PROBLEM TO WORK ON
Once a line is found to contain "BuildSketch", copy it out of the listing.

DATA SECTION

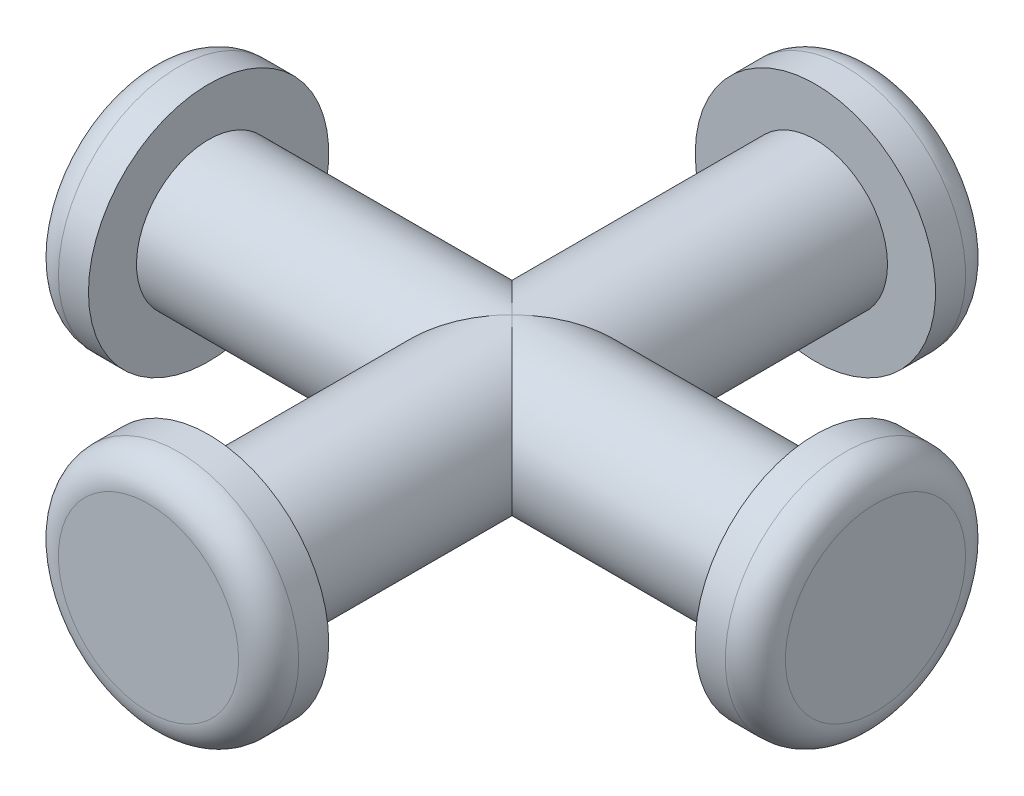
from build123d import *

# Parameters (mm, degrees)
ESQUISSE1_R        = 2.4
BOSS_EXTRU_1_DEPTH = 10.1
ESQUISSE3_R        = 2.4
BOSS_EXTRU_2_DEPTH = 10.1
ESQUISSE4_R        = 4
BOSS_EXTRU_3_DEPTH = 2
ESQUISSE5_R        = 4
BOSS_EXTRU_4_DEPTH = 2
ESQUISSE6_R        = 4
BOSS_EXTRU_5_DEPTH = 2
ESQUISSE7_R        = 4
BOSS_EXTRU_6_DEPTH = 2
CONG_1_R           = 1


with BuildPart() as part:
    # Esquisse1 → Boss.-Extru.1 (new body, symmetric)
    with BuildSketch(Plane.XY):
        Circle(ESQUISSE1_R)
    extrude(amount=BOSS_EXTRU_1_DEPTH, both=True)

    # Esquisse3 → Boss.-Extru.2 (add, symmetric)
    with BuildSketch(Plane(origin=(0, 0, 0), x_dir=(0, 0, -1), z_dir=(1, 0, 0))):
        with Locations(Location((0, 0, 0), (0, 0, 270))):  # turned: the seam where the file's is
            Circle(ESQUISSE3_R)
    extrude(amount=BOSS_EXTRU_2_DEPTH, both=True)

    # Esquisse4 → Boss.-Extru.3 (add)
    with BuildSketch(Plane(origin=(10.1, 0, 0), x_dir=(0, 0, -1), z_dir=(1, 0, 0))):
        Circle(ESQUISSE4_R)
    extrude(amount=BOSS_EXTRU_3_DEPTH)

    # Esquisse5 → Boss.-Extru.4 (add)
    with BuildSketch(Plane.ZY.offset(10.1)):
        with Locations(Location((0, 0, 0), (0, 0, 180))):  # turned: the seam where the file's is
            Circle(ESQUISSE5_R)
    extrude(amount=BOSS_EXTRU_4_DEPTH)

    # Esquisse6 → Boss.-Extru.5 (add)
    with BuildSketch(Plane.XY.offset(10.1)):
        Circle(ESQUISSE6_R)
    extrude(amount=BOSS_EXTRU_5_DEPTH)

    # Esquisse7 → Boss.-Extru.6 (add)
    with BuildSketch(Plane(origin=(0, 0, -10.1), x_dir=(-1, 0, 0), z_dir=(0, 0, -1))):
        with Locations(Location((0, 0, 0), (0, 0, 180))):  # turned: the seam where the file's is
            Circle(ESQUISSE7_R)
    extrude(amount=BOSS_EXTRU_6_DEPTH)

    # Congé1
    cong_1_edges = [part.edges().sort_by_distance(p)[0] for p in [
        (12.1, 0, 4),
        (-12.1, 0, 4),
        (-4, 0, 12.1),
        (-4, 0, -12.1),
    ]]
    fillet(cong_1_edges, radius=CONG_1_R)


solid = part.part

OUTPUT
    with BuildSketch(Plane.XY):
    with BuildSketch(Plane(origin=(0, 0, 0), x_dir=(0, 0, -1), z_dir=(1, 0, 0))):
    with BuildSketch(Plane(origin=(10.1, 0, 0), x_dir=(0, 0, -1), z_dir=(1, 0, 0))):
    with BuildSketch(Plane.ZY.offset(10.1)):
    with BuildSketch(Plane.XY.offset(10.1)):
    with BuildSketch(Plane(origin=(0, 0, -10.1), x_dir=(-1, 0, 0), z_dir=(0, 0, -1))):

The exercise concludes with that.